Una vez que fue inmovilizado, Xu Yan ni siquiera se defendió; Ambos son hombres y sabían que una vez borrachos es difícil tener una erección. Quizás Shen Zhi estaba molesto por dentro y quería desahogarse. Xu Yan sintió que le costaba respirar mientras tragaba saliva y sonrió cuando dijo: «Cariño, feliz cumpleaños. No te enfades». Dios sabe que Shen Zhi odiaba que Xu Yan lo llamara «bebé». Al escucharlo mientras estaba aturdido, Shen Zhi presionó con más fuerza, pellizcando el cuello de Xu Yan con el índice y el pulgar. Xu Yan dejó escapar un gruñido bajo la presión.
«Eres muy molesto» dijo Shen Zhi antes de soltarse y acostarse en la cama, desmayándose.
Xu Yan permaneció tirado en la cama, con el cuello entumecido por el dolor. Se levantó lentamente para ir al baño a traer una toalla tibia para ayudar a lavar la cara de Shen Zhi. Finalmente, se arrodilló junto a la cama, su dedo recorrió desde la frente de Shen Zhi hasta el puente de su nariz, golpeándose los labios y luego diciendo con exasperación: «Sí, soy molesto. Te molesté durante tantos años, ¿por qué no te has acostumbrado?

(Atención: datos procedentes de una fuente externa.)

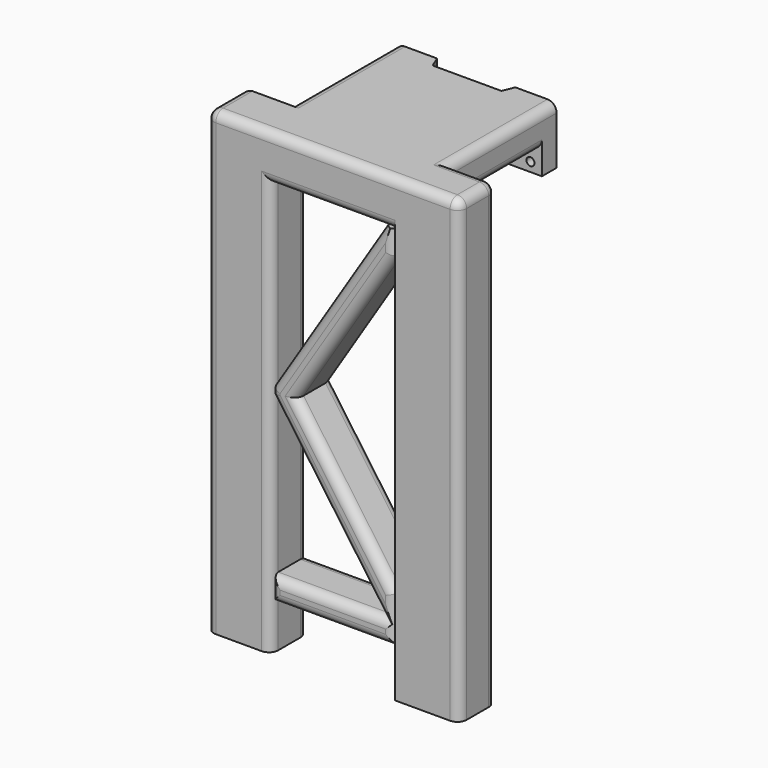
from build123d import *

# Parameters (mm, degrees)
F1_DEPTH         = 25
F2_R             = 1.75
F3_DEPTH         = 25
F4_W             = 70
F4_H             = 15
F5_DEPTH         = 50
F7_DEPTH         = 20
F7_DEPTH_BACK    = 90
F8_W             = 54
F8_H             = 180
F9_DEPTH         = 25
F12_DEPTH        = 20
F13_DEPTH        = 25
F14_T1_DEPTH     = 190
F14_T3_DEPTH     = 220
F14_T5_DEPTH     = 206
F14_T7_DEPTH     = 102
F14_T9_DEPTH     = 12
F14_T11_DEPTH    = 16
F14_T13_DEPTH    = 68
F14_T15_DEPTH    = 50
F14_T17_DEPTH    = 54
F14_T19_DEPTH    = 26
F14_S23_W        = 4
F14_S23_H        = 4
F14_T24_DEPTH    = 4
F14_S29_W        = 4
F14_S29_H        = 4
F14_T30_DEPTH    = 4
F14_S35_W        = 4
F14_S35_H        = 4
F14_T36_DEPTH    = 4
F14_T43_DEPTH    = 200
F14_T48_DEPTH    = 64
F14_T55_DEPTH    = 64
F14_T59_DEPTH    = 200
F14_T67_DEPTH    = 200
F14_T71_DEPTH    = 64
F14_T78_DEPTH    = 26
F14_T82_DEPTH    = 78
F14_2_T1_DEPTH   = 111.7221358849
F14_2_T3_DEPTH   = 30
F14_2_T5_DEPTH   = 74
F14_2_T7_DEPTH   = 40.2556151979
F14_2_T9_DEPTH   = 30.8068882586
F14_2_T11_DEPTH  = 23.071224869
F14_2_T16_DEPTH  = 100.4908539398
F14_2_T21_DEPTH  = 100.4908539398
F14_2_T26_DEPTH  = 94.5466591948
F14_2_T31_DEPTH  = 94.5466591948
F14_2_T36_DEPTH  = 104.9485186174
F14_2_T41_DEPTH  = 104.9485186174
F14_2_T46_DEPTH  = 69
F14_2_T51_DEPTH  = 69
F14_2_T57_DEPTH  = 94.5466591948
F14_2_T62_DEPTH  = 100.4908539398
F14_2_T70_DEPTH  = 100.4908539398
F14_2_T75_DEPTH  = 94.5466591948
F14_2_T83_DEPTH  = 59
F14_2_T88_DEPTH  = 104.9485186174
F14_2_T96_DEPTH  = 59
F14_2_T101_DEPTH = 104.9485186174


# Not quite as in the source:
# - a fillet or chamfer that OpenCascade refuses, or shapes differently, is made with other operations: its cross-section is extruded or revolved along the edge and cut away or added


with BuildPart() as f1:
    # F0 (on Top) → F1 (new body)
    with BuildSketch(Plane.XY):
        Polygon((-30.8332282406, 24.8506308587), (-48.8332282406, 24.8506308587), (-48.8332282406, 16.8506308587), (21.1667717594, 16.8506308587), (21.1667717594, 24.8506308587), (3.1667717594, 24.8506308587), (1.1667717594, 19.8506308587), (-28.8332282406, 19.8506308587), align=None)
    extrude(amount=F1_DEPTH)

    # F2 (on face) → F3 (cut)
    with BuildSketch(Plane(origin=(0, 24.8506308587, 0), x_dir=(-1, 0, 0), z_dir=(0, 1, 0))):
        with Locations((-16.1667717594, 4)):
            Circle(F2_R)
        with Locations((43.8332282406, 4)):
            Circle(F2_R)
    extrude(amount=-F3_DEPTH, mode=Mode.SUBTRACT)

    # F4 (on face) → F5 (join)
    with BuildSketch(Plane.XZ.offset(-16.8506308587)):
        with Locations((-13.8332282406, 17.5)):
            Rectangle(F4_W, F4_H)
    extrude(amount=F5_DEPTH)

    # F6 (on face) → F7 (join, two sides)
    with BuildSketch(Plane.YZ.offset(21.1667717594)) as f7_sk:
        Polygon((-33.1493691413, 10), (-33.1493691413, 25), (-53.1493691413, 25), (-53.1493691413, -175), (-33.1493691413, -175), align=None)
    extrude(amount=F7_DEPTH)
    extrude(f7_sk.sketch, amount=-F7_DEPTH_BACK)

    # F8 (on face) → F9 (cut)
    with BuildSketch(Plane(origin=(0, -33.1493691413, 0), x_dir=(-1, 0, 0), z_dir=(0, 1, 0))):
        with Locations((13.8332282406, -85)):
            Rectangle(F8_W, F8_H)
    extrude(amount=-F9_DEPTH, mode=Mode.SUBTRACT)

    # F10 (on face) → F13 (cut)
    with BuildSketch(Plane(origin=(0, 0, -175), x_dir=(1, 0, 0), z_dir=(0, 0, -1))):
        with BuildLine():
            Line((-62.8332282406, 37.1493691413), (-46.8332282406, 37.1493691413))
            ThreePointArc((-46.8332282406, 37.1493691413), (-45.4190146782, 37.7351555789), (-44.8332282406, 39.1493691413))
            Line((-44.8332282406, 39.1493691413), (-44.8332282406, 47.1493691413))
            ThreePointArc((-44.8332282406, 47.1493691413), (-45.4190146782, 48.5635827036), (-46.8332282406, 49.1493691413))
            Line((-46.8332282406, 49.1493691413), (-62.8332282406, 49.1493691413))
            ThreePointArc((-62.8332282406, 49.1493691413), (-64.247441803, 48.5635827036), (-64.8332282406, 47.1493691413))
            Line((-64.8332282406, 47.1493691413), (-64.8332282406, 39.1493691413))
            ThreePointArc((-64.8332282406, 39.1493691413), (-64.247441803, 37.7351555789), (-62.8332282406, 37.1493691413))
        make_face()
        with BuildLine():
            Line((19.1667717594, 37.1493691413), (35.1667717594, 37.1493691413))
            ThreePointArc((35.1667717594, 37.1493691413), (36.5809853218, 37.7351555789), (37.1667717594, 39.1493691413))
            Line((37.1667717594, 39.1493691413), (37.1667717594, 47.1493691413))
            ThreePointArc((37.1667717594, 47.1493691413), (36.5809853218, 48.5635827036), (35.1667717594, 49.1493691413))
            Line((35.1667717594, 49.1493691413), (19.1667717594, 49.1493691413))
            ThreePointArc((19.1667717594, 49.1493691413), (17.752558197, 48.5635827036), (17.1667717594, 47.1493691413))
            Line((17.1667717594, 47.1493691413), (17.1667717594, 39.1493691413))
            ThreePointArc((17.1667717594, 39.1493691413), (17.752558197, 37.7351555789), (19.1667717594, 37.1493691413))
        make_face()
    extrude(amount=-F13_DEPTH, mode=Mode.SUBTRACT)

    # F14: fillet of radius 4 on 17 edges, made by hand

    # F14_s2 → F14_t1 (cut)
    with BuildSketch(Plane.XY.offset(-185)):
        with BuildLine():
            ThreePointArc((13.1667717594, -37.1493691413), (14.3383446347, -34.3209420165), (17.1667717594, -33.1493691413))
            Line((17.1667717594, -33.1493691413), (13.1667717594, -33.1493691413))
            Line((13.1667717594, -33.1493691413), (13.1667717594, -37.1493691413))
        make_face()
        with BuildLine():
            ThreePointArc((-44.8332282406, -33.1493691413), (-42.0048011158, -34.3209420165), (-40.8332282406, -37.1493691413))
            Line((-40.8332282406, -37.1493691413), (-40.8332282406, -33.1493691413))
            Line((-40.8332282406, -33.1493691413), (-44.8332282406, -33.1493691413))
        make_face()
        with BuildLine():
            ThreePointArc((-44.8332282406, -53.1493691413), (-42.0048011158, -51.977796266), (-40.8332282406, -49.1493691413))
            Line((-40.8332282406, -49.1493691413), (-40.8332282406, -53.1493691413))
            Line((-40.8332282406, -53.1493691413), (-44.8332282406, -53.1493691413))
        make_face()
    extrude(amount=F14_T1_DEPTH, mode=Mode.SUBTRACT)

    # F14_s4 → F14_t3 (cut)
    with BuildSketch(Plane.XY.offset(-185)):
        with BuildLine():
            ThreePointArc((-64.8332282406, -33.1493691413), (-67.6616553653, -34.3209420165), (-68.8332282406, -37.1493691413))
            Line((-68.8332282406, -37.1493691413), (-68.8332282406, -33.1493691413))
            Line((-68.8332282406, -33.1493691413), (-64.8332282406, -33.1493691413))
        make_face()
    extrude(amount=F14_T3_DEPTH, mode=Mode.SUBTRACT)

    # F14_s6 → F14_t5 (cut)
    with BuildSketch(Plane.XY.offset(-185)):
        with BuildLine():
            ThreePointArc((41.1667717594, -37.1493691413), (39.9951988842, -34.3209420165), (37.1667717594, -33.1493691413))
            Line((37.1667717594, -33.1493691413), (41.1667717594, -33.1493691413))
            Line((41.1667717594, -33.1493691413), (41.1667717594, -37.1493691413))
        make_face()
        with BuildLine():
            ThreePointArc((37.1667717594, -53.1493691413), (39.9951988842, -51.977796266), (41.1667717594, -49.1493691413))
            Line((41.1667717594, -49.1493691413), (41.1667717594, -53.1493691413))
            Line((41.1667717594, -53.1493691413), (37.1667717594, -53.1493691413))
        make_face()
        with BuildLine():
            ThreePointArc((-64.8332282406, -53.1493691413), (-67.6616553653, -51.977796266), (-68.8332282406, -49.1493691413))
            Line((-68.8332282406, -49.1493691413), (-68.8332282406, -53.1493691413))
            Line((-68.8332282406, -53.1493691413), (-64.8332282406, -53.1493691413))
        make_face()
    extrude(amount=F14_T5_DEPTH, mode=Mode.SUBTRACT)

    # F14_s8 → F14_t7 (cut)
    with BuildSketch(Plane.YZ.offset(-64.8332282406)):
        with BuildLine():
            ThreePointArc((-53.1493691413, 21), (-51.977796266, 23.8284271247), (-49.1493691413, 25))
            Line((-49.1493691413, 25), (-53.1493691413, 25))
            Line((-53.1493691413, 25), (-53.1493691413, 21))
        make_face()
    extrude(amount=F14_T7_DEPTH, mode=Mode.SUBTRACT)

    # F14_s10 → F14_t9 (cut)
    with BuildSketch(Plane.XZ.offset(37.1493691413)):
        with BuildLine():
            ThreePointArc((41.1667717594, 21), (39.9951988842, 23.8284271247), (37.1667717594, 25))
            Line((37.1667717594, 25), (41.1667717594, 25))
            Line((41.1667717594, 25), (41.1667717594, 21))
        make_face()
    extrude(amount=F14_T9_DEPTH, mode=Mode.SUBTRACT)

    # F14_s12 → F14_t11 (cut)
    with BuildSketch(Plane.YZ.offset(21.1667717594)):
        with BuildLine():
            ThreePointArc((-33.1493691413, 21), (-34.3209420165, 23.8284271247), (-37.1493691413, 25))
            Line((-37.1493691413, 25), (-33.1493691413, 25))
            Line((-33.1493691413, 25), (-33.1493691413, 21))
        make_face()
    extrude(amount=F14_T11_DEPTH, mode=Mode.SUBTRACT)

    # F14_s14 → F14_t13 (cut)
    with BuildSketch(Plane.XZ.offset(-34.8506308587)):
        with BuildLine():
            ThreePointArc((17.1667717594, 25), (19.9951988842, 23.8284271247), (21.1667717594, 21))
            Line((21.1667717594, 21), (21.1667717594, 25))
            Line((21.1667717594, 25), (17.1667717594, 25))
        make_face()
        with BuildLine():
            ThreePointArc((-44.8332282406, 25), (-47.6616553653, 23.8284271247), (-48.8332282406, 21))
            Line((-48.8332282406, 21), (-48.8332282406, 25))
            Line((-48.8332282406, 25), (-44.8332282406, 25))
        make_face()
    extrude(amount=F14_T13_DEPTH, mode=Mode.SUBTRACT)

    # F14_s16 → F14_t15 (cut)
    with BuildSketch(Plane.XZ.offset(-16.8506308587)):
        with BuildLine():
            ThreePointArc((17.1667717594, 10), (19.9951988842, 11.1715728753), (21.1667717594, 14))
            Line((21.1667717594, 14), (21.1667717594, 10))
            Line((21.1667717594, 10), (17.1667717594, 10))
        make_face()
        with BuildLine():
            ThreePointArc((-48.8332282406, 14), (-47.6616553653, 11.1715728753), (-44.8332282406, 10))
            Line((-44.8332282406, 10), (-48.8332282406, 10))
            Line((-48.8332282406, 10), (-48.8332282406, 14))
        make_face()
    extrude(amount=F14_T15_DEPTH, mode=Mode.SUBTRACT)

    # F14_s18 → F14_t17 (cut)
    with BuildSketch(Plane.YZ.offset(-40.8332282406)):
        with BuildLine():
            ThreePointArc((-53.1493691413, 9), (-51.977796266, 6.1715728753), (-49.1493691413, 5))
            Line((-49.1493691413, 5), (-53.1493691413, 5))
            Line((-53.1493691413, 5), (-53.1493691413, 9))
        make_face()
        with BuildLine():
            ThreePointArc((-33.1493691413, 9), (-34.3209420165, 6.1715728753), (-37.1493691413, 5))
            Line((-37.1493691413, 5), (-33.1493691413, 5))
            Line((-33.1493691413, 5), (-33.1493691413, 9))
        make_face()
    extrude(amount=F14_T17_DEPTH, mode=Mode.SUBTRACT)

    # F14_s20 → F14_t19 (cut)
    with BuildSketch(Plane.XZ.offset(23.1493691413)):
        with BuildLine():
            ThreePointArc((-64.8332282406, 25), (-67.6616553653, 23.8284271247), (-68.8332282406, 21))
            Line((-68.8332282406, 21), (-68.8332282406, 25))
            Line((-68.8332282406, 25), (-64.8332282406, 25))
        make_face()
    extrude(amount=F14_T19_DEPTH, mode=Mode.SUBTRACT)


with BuildPart() as f12:
    # F11 (on face) → F12 (new body)
    with BuildSketch(Plane.XZ.offset(53.1493691413)):
        Polygon((-40.8332282406, -145), (-40.8332282406, -155), (13.1667717594, -155), (13.1667717594, -145), (13.1667717594, -134.7443848021), (-29.8332282406, -73.8493571142), (13.1667717594, -5.8068882586), (13.1667717594, 5), (8.1667717594, 5), (-40.8332282406, -72.5367668354), (-40.8332282406, -75.6079917045), (8.1667717594, -145), align=None)
    extrude(amount=-F12_DEPTH)

    # F14#2: fillet of radius 4 on 17 edges, made by hand

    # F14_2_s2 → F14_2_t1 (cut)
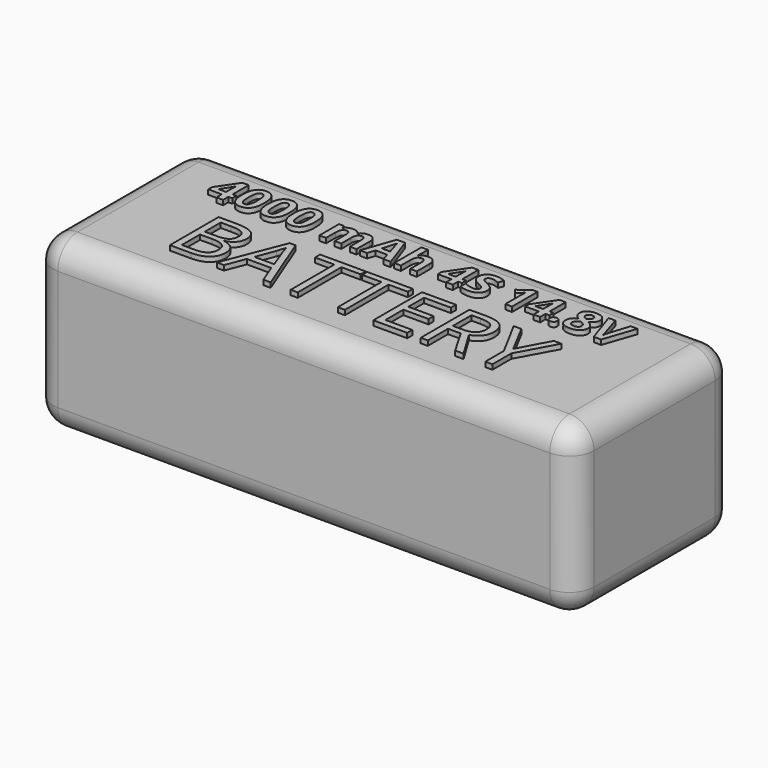
from build123d import *

# Parameters (mm, degrees)
F0_W           = 112
F0_H           = 35
F1_DEPTH       = 41.5
F3_DEPTH       = 1
F4_R           = 5.08
F5_TEXT_SIZE   = 9.2628987558
F5_TEXT_SIZE_2 = 17.6388888889
F6_DEPTH       = 1
F7_TEXT_SIZE   = 20.8333333333
F8_DEPTH       = 1
F9_TEXT_SIZE   = 20.8333333333
F10_DEPTH      = 1


# Not quite as in the source:
# - Text() gives the source's letters only with a copy of the font that has no kerning and outlines rounded to 1/6400 em; it was checked with that copy


with BuildPart() as f1:
    # F0 (on Front) → F1 (new body)
    with BuildSketch(Plane.XZ):
        with Locations((56, -17.5)):
            Rectangle(F0_W, F0_H)
    extrude(amount=F1_DEPTH)

    # F4
    f4_edges = [f1.edges().sort_by_distance(p)[0] for p in [
        (112, -20.75, 0),
        (0, -20.75, 0),
        (56, 0, 0),
        (56, -41.5, 0),
        (112, -20.75, -35),
        (112, 0, -17.5),
        (112, -41.5, -17.5),
        (0, -41.5, -17.5),
        (56, -41.5, -35),
        (0, 0, -17.5),
        (56, 0, -35),
        (0, -20.75, -35),
    ]]
    fillet(f4_edges, radius=F4_R)


with BuildPart() as f3:
    # F2 (on face) → F3 (new body)
    with BuildSketch(Plane(origin=(0, 0, -35), x_dir=(1, 0, 0), z_dir=(0, 0, -1))):
        Polygon((43.6396710575, 33.25), (13.5, 33.25), (13.5, 17.7942663431), (13.5, 8.25), (68.9369663596, 8.25), (98.5, 8.25), (98.5, 17.5642911345), (98.5, 33.25), align=None)
    extrude(amount=F3_DEPTH)

    # F7 (on face) → F8 (cut)
    with BuildSketch(Plane(origin=(0, 0, -36), x_dir=(1, 0, 0), z_dir=(0, 0, -1))):
        with Locations((15.6370442708, 13.25)):
            Text('VELCRO', F7_TEXT_SIZE, font='Open Sans', font_style=FontStyle.BOLD, text_align=(TextAlign.LEFT, TextAlign.BOTTOM))
    extrude(amount=-F8_DEPTH, mode=Mode.SUBTRACT)


with BuildPart() as f6:
    # F5 (on face) → F6 (new body)
    with BuildSketch(Plane.XY):
        with Locations((13.2727084971, -14.400921762)):
            Text('4000 mAh 4S 14.8V', F5_TEXT_SIZE, font='Open Sans', font_style=FontStyle.BOLD, text_align=(TextAlign.LEFT, TextAlign.BOTTOM))
        with Locations((19.0782226562, -32.1603800774)):
            Text('BATTERY', F5_TEXT_SIZE_2, font='Open Sans', text_align=(TextAlign.LEFT, TextAlign.BOTTOM))
    extrude(amount=F6_DEPTH)


with BuildPart() as f10:
    # F9 (on face) → F10 (new body)
    with BuildSketch(Plane(origin=(0, 0, -35), x_dir=(1, 0, 0), z_dir=(0, 0, -1))):
        with Locations((15.6370442708, 13.25)):
            Text('VELCRO', F9_TEXT_SIZE, font='Open Sans', font_style=FontStyle.BOLD, text_align=(TextAlign.LEFT, TextAlign.BOTTOM))
    extrude(amount=F10_DEPTH)


solid = Compound([f1.part, f3.part, f6.part, f10.part])
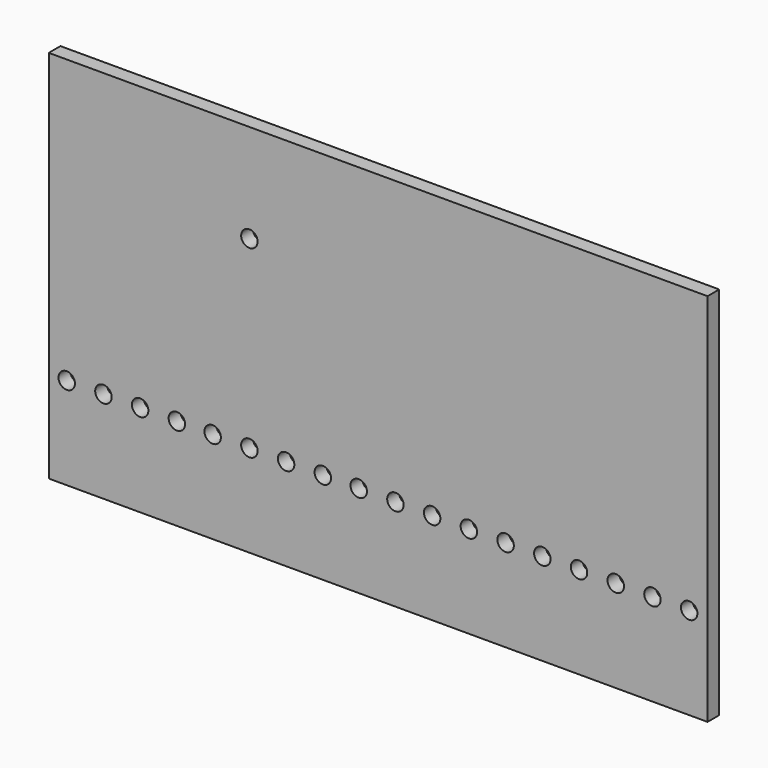
from build123d import *

# Parameters (mm, degrees)
F0_R     = 1.7859375
F1_DEPTH = 3.175


# Not quite as in the source:
# - a length typed as a fraction of an inch, garbled in the dataset ("3 / 203.2 mm" for 3/8 in), is restored


with BuildPart() as f1:
    # F0 (on Front) → F1 (new body)
    with BuildSketch(Plane.XZ):
        Polygon((75.715, -20), (75.715, 61.3500024), (-3.7115799668, 61.3500024), (-35.4027799668, 61.3500024), (-67.2774, 61.3500024), (-67.2774, -20), (-35.5862, -20), (-3.895, -20), align=None)
        with Locations((-63.3824, 0)):
            Circle(F0_R, mode=Mode.SUBTRACT)
        with Locations((-55.4124, 0)):
            Circle(F0_R, mode=Mode.SUBTRACT)
        with Locations((-47.4424, 0)):
            Circle(F0_R, mode=Mode.SUBTRACT)
        with Locations((-39.4724, 0)):
            Circle(F0_R, mode=Mode.SUBTRACT)
        with Locations((-31.7, 0)):
            Circle(F0_R, mode=Mode.SUBTRACT)
        with Locations((-23.73, 0)):
            Circle(F0_R, mode=Mode.SUBTRACT)
        with Locations((-15.76, 0)):
            Circle(F0_R, mode=Mode.SUBTRACT)
        with Locations((-7.79, 0)):
            Circle(F0_R, mode=Mode.SUBTRACT)
        Circle(F0_R, mode=Mode.SUBTRACT)
        with Locations((7.97, 0)):
            Circle(F0_R, mode=Mode.SUBTRACT)
        with Locations((15.94, 0)):
            Circle(F0_R, mode=Mode.SUBTRACT)
        with Locations((23.91, 0)):
            Circle(F0_R, mode=Mode.SUBTRACT)
        with Locations((31.88, 0)):
            Circle(F0_R, mode=Mode.SUBTRACT)
        with Locations((39.85, 0)):
            Circle(F0_R, mode=Mode.SUBTRACT)
        with Locations((47.82, 0)):
            Circle(F0_R, mode=Mode.SUBTRACT)
        with Locations((55.79, 0)):
            Circle(F0_R, mode=Mode.SUBTRACT)
        with Locations((63.76, 0)):
            Circle(F0_R, mode=Mode.SUBTRACT)
        with Locations((71.73, 0)):
            Circle(F0_R, mode=Mode.SUBTRACT)
        with Locations((-23.73, 40.005)):
            Circle(F0_R, mode=Mode.SUBTRACT)
    extrude(amount=F1_DEPTH)


solid = f1.part

Al regresar al baño, Xu Yan se inclinó para lavarse la cara. El agua tibia empañó la habitación. Xu Yan levantó la cabeza, su rostro todavía goteaba agua mientras se miraba en el espejo brumoso y comenzaba a quedarse dormido. Le ardían los ojos, tal vez le entró agua. Xu Yan se acercó, limpió el espejo y se encontró mirando sus propias cuencas enrojecidas.
Él es de la misma manera, molestando a Shen Zhi durante tantos años, pero aún no está acostumbrado; incluso los asuntos más pequeños le molestan.
Después de una mañana ocupada en la oficina, no fue hasta el mediodía que finalmente se desocupó. Xu Yan apoyó la cara en el escritorio de su oficina y encendió su teléfono. Le envió un mensaje a Shen Zhi: ¿Fuiste a la oficina hoy? ¿Aún estás mareado? Si estás mareado deberías tomar una siesta.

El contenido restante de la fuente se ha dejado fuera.